Technically, that split arises from the two courts' different handling of several issues. The first is how the consulting services must consider the economic feasibility of reasonable and prudent alternatives to a planned action. Cf. 50 C.F.R. § 402.02. Whereas San Luis held that BiOp is not required to address the economic feasibility of alternatives, Dow AgroSciences favored a robust economic analysis of alternatives, based on the regulations implementing the ESA. Second, the two cases also differ in their approach to assessing the feasibility of alternatives on third parties. Whereas San Luis held that the impact on third parties need not be addressed in a BiOp, Dow AgroSciences suggested that consequences of a particular action on third parties must be addressed.
Resolution of either of these issues could have far-reaching implications. And, if the case reaches the Supreme Court, it could lead the Supreme Court to revisit two conclusions of the seminal 1978 Tennessee Valley Authority v. Hill decision that have provided the underpinnings of a great deal of ESA precedent ever since. These contrasting decisions by panels in two separate appeals courts regarding ESA consultations provide a basis to elevate San Luis to the Supreme Court.
Summary and Immediate Impacts
These recent appellate court decisions show that the ESA is a still-active area of environmental litigation, rife with new developments and potential for Supreme Court development. With debates about the scope of proximate cause in ESA take cases, and how much deference is owed to environmental authorities, that have created circuit splits, it is foreseeable, and perhaps even likely that one or more of these issues is on the path to being granted a writ of certiorari by the Supreme Court.
Until the Supreme Court acts, however, Aransas promises the most immediate nationwide impact. It affects the day-to-day operations of pesticide registrants, farmers, or water users across the nation operating on government licenses or permits who may be concerned about the threat of continuing liability for harm that may be far separated in time or distance from the original issuance of a permit or license. Aransas places an outer limit on such liability, providing additional protection to private parties and the government agencies that issue licenses and permits.
But the impact of the San Luis case also is real, as California struggles with a historic drought that may or may not be ameliorated by new legislation promoted by California Senate and House delegations.

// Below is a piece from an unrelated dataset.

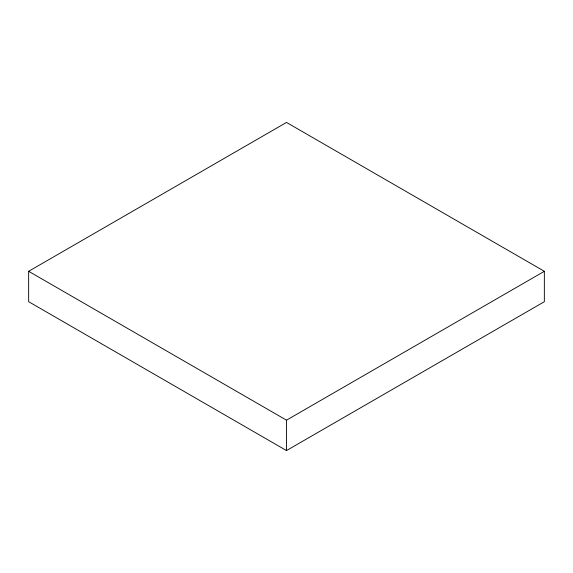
<?xml version="1.0" encoding="UTF-8"?>
<svg xmlns="http://www.w3.org/2000/svg" width="573" height="573" viewBox="0 0 573 573"><rect width="100%" height="100%" fill="white"/><g stroke="black" fill="none" stroke-linecap="round" stroke-linejoin="round"><path stroke-width="0.86" d="M28.65 271.301L286.5 122.436L544.35 271.301L544.35 301.699L286.5 450.564L28.65 301.699L28.65 271.301L286.5 420.174L544.35 271.301M286.5 420.174L286.5 450.564"/></g></svg>

Moreover, if San Luis reaches the Supreme Court, the case could change the landscape for how much deference should be given to a federal agency's analysis and conclusions in an ESA action and what role economic and technical feasibility should play in such decisions. Any future ruling that changes the extent to which agencies must consider economic implications in their ESA-related actions could have extraordinary implications.
1 One District Court has reached a similar result. See Animal Prot. Inst., Ctr. for Biological Diversity v. Holsten, 541 F. Supp. 2d 1073, 1078 (D. Minn. 2008) (“First, the Court notes that the footnote in the Sweet Home decision relied upon by Defendants is dicta”) (citing Loggerhead, 148 F.3d at 1251 n.23).
2014 Summer Associate Andy Wang contributed to this article.